MATERIAL PROVIDED:
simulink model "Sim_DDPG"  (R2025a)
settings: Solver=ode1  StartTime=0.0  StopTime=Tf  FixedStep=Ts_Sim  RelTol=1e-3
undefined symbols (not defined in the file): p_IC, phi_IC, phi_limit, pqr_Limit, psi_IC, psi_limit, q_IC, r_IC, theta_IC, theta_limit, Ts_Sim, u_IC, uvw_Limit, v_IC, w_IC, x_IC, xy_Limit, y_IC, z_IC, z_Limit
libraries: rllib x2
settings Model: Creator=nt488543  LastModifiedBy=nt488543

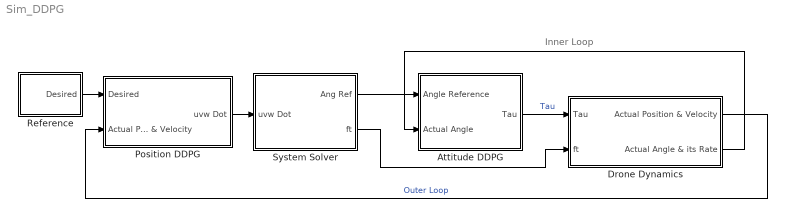
== system Sim_DDPG ==
  note: Inner Loop
  Attitude DDPG : Subsystem
  Drone Dynamics : Subsystem
  Position DDPG : Subsystem
  Reference : Subsystem
  System Solver : Subsystem
  wires:
  Reference/1(Desired) -> Position DDPG/1(Desired)
  Attitude DDPG/1(Tau) -> Drone Dynamics/1(Tau)  "Tau"
  Drone Dynamics/1(Actual Position & Velocity) -> Position DDPG/2(Actual Position & Velocity)  "Outer Loop"
  Drone Dynamics/2(Actual Angle & its Rate) -> Attitude DDPG/2(Actual Angle)
  Position DDPG/1(uvw Dot) -> System Solver/1(uvw Dot)
  System Solver/1(Ang Ref) -> Attitude DDPG/1(Angle Reference)
  System Solver/2(ft) -> Drone Dynamics/2(ft)

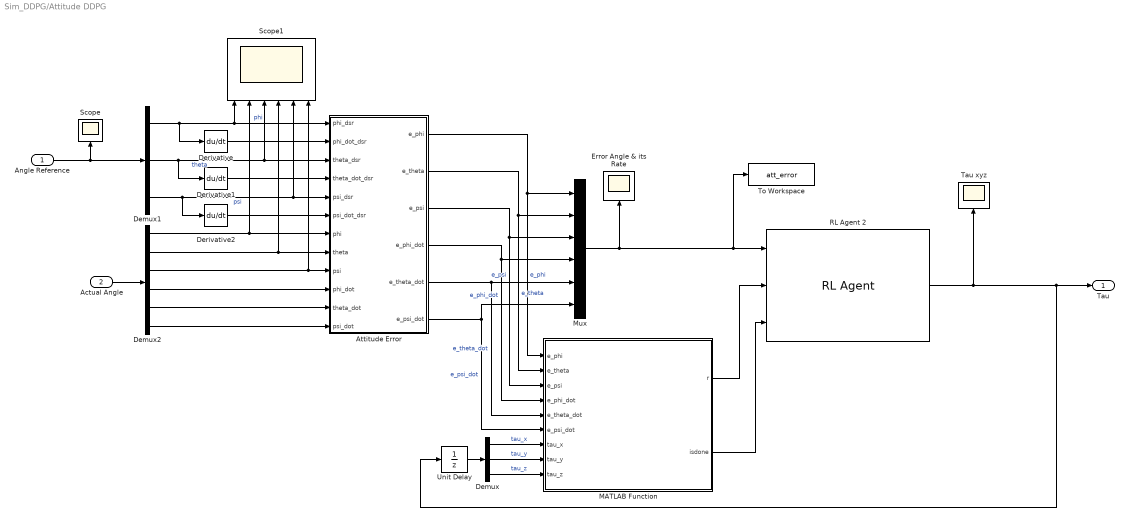
== system Sim_DDPG/Attitude DDPG ==
  Angle Reference : Inport
  Actual Angle : Inport  Port=2
  Attitude Error : MATLAB Function  TreatAsAtomicUnit=on
  Demux : Demux  Outputs=3
  Demux1 : Demux  Outputs=3
  Demux2 : Demux  Outputs=6
  Derivative : Derivative
  Derivative1 : Derivative
  Derivative2 : Derivative
  Error Angle & its Rate : Scope
      settings: ActiveDisplayYMinimum=-3.5181599273654109  ActiveDisplayYMaximum=2.1435969273697308  DataLoggingVariableName=ScopeData12
  MATLAB Function : MATLAB Function  TreatAsAtomicUnit=on
  Mux : Mux  Inputs=6
  RL Agent 2 : rllib/RL Agent  Agent=agent2  ExternalActionAsInput=off  ProvideLastAction=off  ProvideCumRwd=off  TreatAsDirectFeedthrough=on  UseStrictObservationDataTypes=off
  Scope : Scope
      settings: ActiveDisplayYMinimum=-0.07573  ActiveDisplayYMaximum=0.06612  DataLoggingVariableName=ScopeData5
  Scope1 : Scope  NumInputPorts=6
      settings: ActiveDisplayYMinimum=-0.31729729958403707  ActiveDisplayYMaximum=0.34620944603052173  DataLoggingVariableName=ScopeData6
  Tau xyz : Scope
      settings: ActiveDisplayYMinimum=-2.4987406879663467  ActiveDisplayYMaximum=2.4991613775491714  DataLoggingVariableName=ScopeData11
  To Workspace : ToWorkspace  VariableName=att_error  SampleTime=Ts_Sim
  Unit Delay : UnitDelay  SampleTime=Ts_Sim  HasFrameUpgradeWarning=on
  Tau : Outport
  wires:
  MATLAB Function/1(r) -> RL Agent 2/2
  Mux/1 -> To Workspace/1, RL Agent 2/1, Error Angle & its Rate/1
  Attitude Error/1(e_phi) -> Mux/1, MATLAB Function/1(e_phi)  "e_phi"
  Attitude Error/2(e_theta) -> Mux/2, MATLAB Function/2(e_theta)  "e_theta"
  Attitude Error/3(e_psi) -> Mux/3, MATLAB Function/3(e_psi)  "e_psi"
  Attitude Error/4(e_phi_dot) -> Mux/4, MATLAB Function/4(e_phi_dot)  "e_phi_dot"
  Attitude Error/5(e_theta_dot) -> MATLAB Function/5(e_theta_dot), Mux/5  "e_theta_dot"
  Attitude Error/6(e_psi_dot) -> MATLAB Function/6(e_psi_dot), Mux/6  "e_psi_dot"
  MATLAB Function/2(isdone) -> RL Agent 2/3
  Demux/1 -> MATLAB Function/7(tau_x)  "tau_x"
  Demux/2 -> MATLAB Function/8(tau_y)  "tau_y"
  Demux/3 -> MATLAB Function/9(tau_z)  "tau_z"
  RL Agent 2/1 -> Unit Delay/1, Tau/1, Tau xyz/1
  Demux2/1 -> Scope1/2, Attitude Error/7(phi)
  Demux2/2 -> Scope1/4, Attitude Error/8(theta)
  Demux2/3 -> Attitude Error/9(psi), Scope1/6
  Demux2/4 -> Attitude Error/10(phi_dot)
  Demux2/5 -> Attitude Error/11(theta_dot)
  Demux2/6 -> Attitude Error/12(psi_dot)
  Actual Angle/1 -> Demux2/1
  Unit Delay/1 -> Demux/1
  Demux1/1 -> Derivative/1, Attitude Error/1(phi_dsr), Scope1/1  "phi"
  Demux1/3 -> Derivative2/1, Attitude Error/5(psi_dsr), Scope1/5  "psi"
  Demux1/2 -> Derivative1/1, Attitude Error/3(theta_dsr), Scope1/3  "theta"
  Angle Reference/1 -> Demux1/1, Scope/1
  Derivative/1 -> Attitude Error/2(phi_dot_dsr)
  Derivative1/1 -> Attitude Error/4(theta_dot_dsr)
  Derivative2/1 -> Attitude Error/6(psi_dot_dsr)

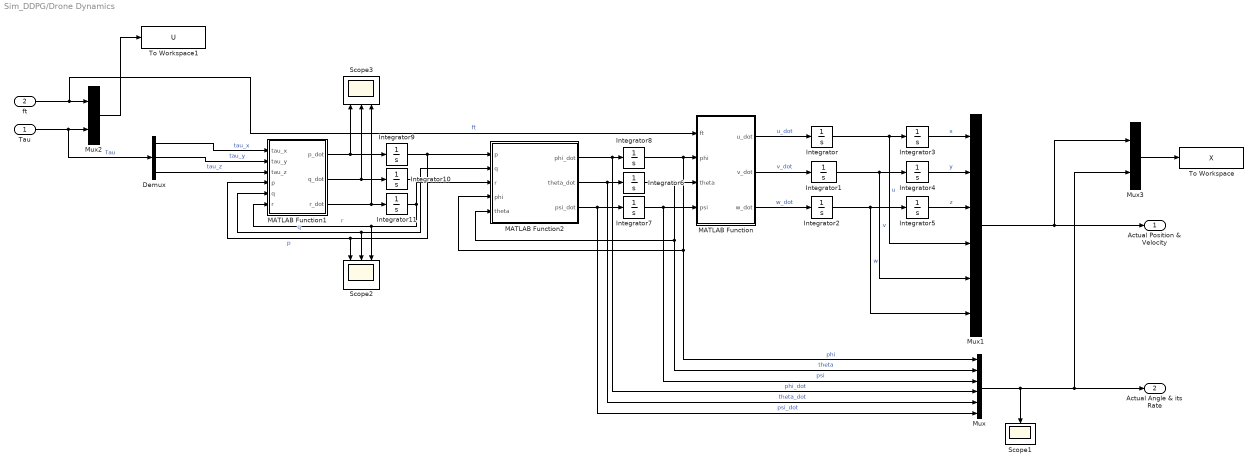
== system Sim_DDPG/Drone Dynamics ==
  Tau : Inport
  ft : Inport  Port=2
  Demux : Demux  Outputs=3
  Integrator : Integrator  InitialCondition=u_IC  UpperSaturationLimit=uvw_Limit  LowerSaturationLimit=-uvw_Limit
  Integrator1 : Integrator  InitialCondition=v_IC  UpperSaturationLimit=uvw_Limit  LowerSaturationLimit=-uvw_Limit
  Integrator10 : Integrator  InitialCondition=q_IC  UpperSaturationLimit=pqr_Limit  LowerSaturationLimit=-pqr_Limit
  Integrator11 : Integrator  InitialCondition=r_IC  UpperSaturationLimit=pqr_Limit  LowerSaturationLimit=-pqr_Limit
  Integrator2 : Integrator  InitialCondition=w_IC  UpperSaturationLimit=uvw_Limit  LowerSaturationLimit=-uvw_Limit
  Integrator3 : Integrator  InitialCondition=x_IC  UpperSaturationLimit=xy_Limit  LowerSaturationLimit=-xy_Limit
  Integrator4 : Integrator  InitialCondition=y_IC  UpperSaturationLimit=xy_Limit  LowerSaturationLimit=-xy_Limit
  Integrator5 : Integrator  InitialCondition=z_IC  UpperSaturationLimit=z_Limit  LowerSaturationLimit=-z_Limit
  Integrator6 : Integrator  InitialCondition=theta_IC  UpperSaturationLimit=theta_limit  LowerSaturationLimit=-theta_limit  WrappedStateUpperValue=pi/2  WrappedStateLowerValue=-pi/2
  Integrator7 : Integrator  InitialCondition=psi_IC  UpperSaturationLimit=psi_limit  LowerSaturationLimit=-psi_limit
  Integrator8 : Integrator  InitialCondition=phi_IC  UpperSaturationLimit=phi_limit  LowerSaturationLimit=-phi_limit
  Integrator9 : Integrator  InitialCondition=p_IC  UpperSaturationLimit=pqr_Limit  LowerSaturationLimit=-pqr_Limit
  MATLAB Function : MATLAB Function  TreatAsAtomicUnit=on
  MATLAB Function1 : MATLAB Function  TreatAsAtomicUnit=on
  MATLAB Function2 : MATLAB Function  TreatAsAtomicUnit=on
  Mux : Mux  Inputs=6
  Mux1 : Mux  Inputs=6
  Mux2 : Mux  Inputs=2
  Mux3 : Mux  Inputs=2
  Scope1 : Scope
      settings: ActiveDisplayYMinimum=-0.79782557910284335  ActiveDisplayYMaximum=0.70695961840012789  DataLoggingVariableName=ScopeData2
  Scope2 : Scope  NumInputPorts=3
      settings: ActiveDisplayYMinimum=-0.95183  ActiveDisplayYMaximum=0.89979  DataLoggingVariableName=ScopeData3
  Scope3 : Scope  NumInputPorts=3
      settings: ActiveDisplayYMinimum=-1  ActiveDisplayYMaximum=1  DataLoggingVariableName=ScopeData4
  To Workspace : ToWorkspace  VariableName=X  SampleTime=Ts_Sim
  To Workspace1 : ToWorkspace  VariableName=U  SampleTime=Ts_Sim
  Actual Position & Velocity : Outport
  Actual Angle & its Rate : Outport  Port=2
  wires:
  Integrator4/1 -> Mux1/2  "y"
  MATLAB Function1/3(r_dot) -> Scope3/3, Integrator11/1
  MATLAB Function1/1(p_dot) -> Scope3/1, Integrator9/1
  Integrator3/1 -> Mux1/1  "x"
  Integrator5/1 -> Mux1/3  "z"
  Integrator1/1 -> Mux1/5, Integrator4/1  "v"
  Demux/2 -> MATLAB Function1/2(tau_y)  "tau_y"
  Integrator9/1 -> MATLAB Function1/4(p), Scope2/1, MATLAB Function2/1(p)  "p"
  Integrator11/1 -> MATLAB Function1/6(r), Scope2/3, MATLAB Function2/3(r)  "r"
  Integrator2/1 -> Mux1/6, Integrator5/1  "w"
  Integrator/1 -> Mux1/4, Integrator3/1  "u"
  Integrator7/1 -> Mux/3, MATLAB Function/4(psi)  "psi"
  Integrator8/1 -> Mux/1, MATLAB Function2/4(phi), MATLAB Function/2(phi)  "phi"
  Integrator6/1 -> MATLAB Function/3(theta), Mux/2, MATLAB Function2/5(theta)  "theta"
  Integrator10/1 -> MATLAB Function2/2(q), MATLAB Function1/5(q), Scope2/2  "q"
  Demux/3 -> MATLAB Function1/3(tau_z)  "tau_z"
  MATLAB Function/3(w_dot) -> Integrator2/1  "w_dot"
  MATLAB Function/1(u_dot) -> Integrator/1  "u_dot"
  MATLAB Function/2(v_dot) -> Integrator1/1  "v_dot"
  MATLAB Function1/2(q_dot) -> Scope3/2, Integrator10/1
  Demux/1 -> MATLAB Function1/1(tau_x)  "tau_x"
  MATLAB Function2/1(phi_dot) -> Mux/4, Integrator8/1  "phi_dot"
  MATLAB Function2/2(theta_dot) -> Mux/5, Integrator6/1  "theta_dot"
  MATLAB Function2/3(psi_dot) -> Mux/6, Integrator7/1  "psi_dot"
  Mux/1 -> Mux3/2, Actual Angle & its Rate/1, Scope1/1
  Mux1/1 -> Mux3/1, Actual Position & Velocity/1
  Mux2/1 -> To Workspace1/1
  ft/1 -> MATLAB Function/1(ft), Mux2/1  "ft"
  Tau/1 -> Demux/1, Mux2/2  "Tau"
  Mux3/1 -> To Workspace/1

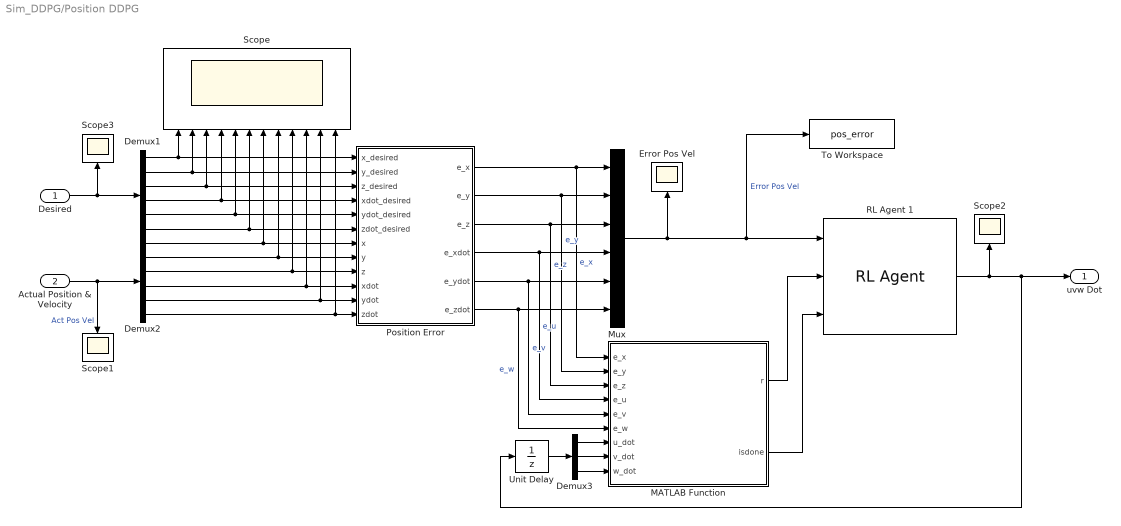
== system Sim_DDPG/Position DDPG ==
  Desired : Inport
  Actual Position & Velocity : Inport  Port=2
  Demux1 : Demux  Outputs=6
  Demux2 : Demux  Outputs=6
  Demux3 : Demux  Outputs=3
  Error Pos Vel : Scope
      settings: ActiveDisplayYMinimum=-1.3710264936743408  ActiveDisplayYMaximum=0.56946492466600562  DataLoggingVariableName=Error
  MATLAB Function : MATLAB Function  TreatAsAtomicUnit=on
  Mux : Mux  Inputs=6
  Position Error : MATLAB Function  TreatAsAtomicUnit=on
  RL Agent 1 : rllib/RL Agent  Agent=agent  ExternalActionAsInput=off  ProvideLastAction=off  ProvideCumRwd=off  TreatAsDirectFeedthrough=on  UseStrictObservationDataTypes=off
  Scope : Scope  NumInputPorts=12
      settings: ActiveDisplayYMinimum=-60.026881939696665  ActiveDisplayYMaximum=21.551746724254532  DataLoggingVariableName=Difference  DataLoggingSaveFormat=Structure
  Scope1 : Scope
      settings: ActiveDisplayYMinimum=-1313.1939544508978  ActiveDisplayYMaximum=197.10705078812913  DataLoggingVariableName=Actual
  Scope2 : Scope
      settings: ActiveDisplayYMinimum=-2.3417  ActiveDisplayYMaximum=1.0752  DataLoggingVariableName=ScopeData4
  Scope3 : Scope
      settings: ActiveDisplayYMinimum=-34.036737735877395  ActiveDisplayYMaximum=6.4906396228965306  DataLoggingVariableName=Ref
  To Workspace : ToWorkspace  VariableName=pos_error  SampleTime=Ts_Sim
  Unit Delay : UnitDelay  SampleTime=Ts_Sim  HasFrameUpgradeWarning=on
  uvw Dot : Outport
  wires:
  MATLAB Function/1(r) -> RL Agent 1/2
  Mux/1 -> To Workspace/1, RL Agent 1/1, Error Pos Vel/1  "Error Pos Vel"
  RL Agent 1/1 -> uvw Dot/1, Unit Delay/1, Scope2/1
  Position Error/1(e_x) -> MATLAB Function/1(e_x), Mux/1  "e_x"
  Position Error/2(e_y) -> MATLAB Function/2(e_y), Mux/2  "e_y"
  Position Error/3(e_z) -> Mux/3, MATLAB Function/3(e_z)  "e_z"
  Position Error/4(e_xdot) -> MATLAB Function/4(e_u), Mux/4  "e_u"
  Position Error/5(e_ydot) -> MATLAB Function/5(e_v), Mux/5  "e_v"
  Position Error/6(e_zdot) -> MATLAB Function/6(e_w), Mux/6  "e_w"
  MATLAB Function/2(isdone) -> RL Agent 1/3
  Demux1/1 -> Position Error/1(x_desired), Scope/1
  Demux1/2 -> Position Error/2(y_desired), Scope/2
  Demux1/3 -> Position Error/3(z_desired), Scope/3
  Demux1/4 -> Position Error/4(xdot_desired), Scope/4
  Demux1/5 -> Position Error/5(ydot_desired), Scope/5
  Demux1/6 -> Position Error/6(zdot_desired), Scope/6
  Desired/1 -> Scope3/1, Demux1/1
  Demux2/1 -> Position Error/7(x), Scope/7
  Demux2/2 -> Position Error/8(y), Scope/8
  Demux2/3 -> Position Error/9(z), Scope/9
  Demux2/4 -> Position Error/10(xdot), Scope/10
  Demux2/5 -> Position Error/11(ydot), Scope/11
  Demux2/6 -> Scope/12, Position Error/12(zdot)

EXERCISE INSTRUCTIONS: Lines that contain "ToWorkspace" are the result; find them in the entries above and copy each one.

RESPONSE FOR THIS EXERCISE:
  To Workspace : ToWorkspace  VariableName=att_error  SampleTime=Ts_Sim
  To Workspace : ToWorkspace  VariableName=X  SampleTime=Ts_Sim
  To Workspace1 : ToWorkspace  VariableName=U  SampleTime=Ts_Sim
  To Workspace : ToWorkspace  VariableName=pos_error  SampleTime=Ts_Sim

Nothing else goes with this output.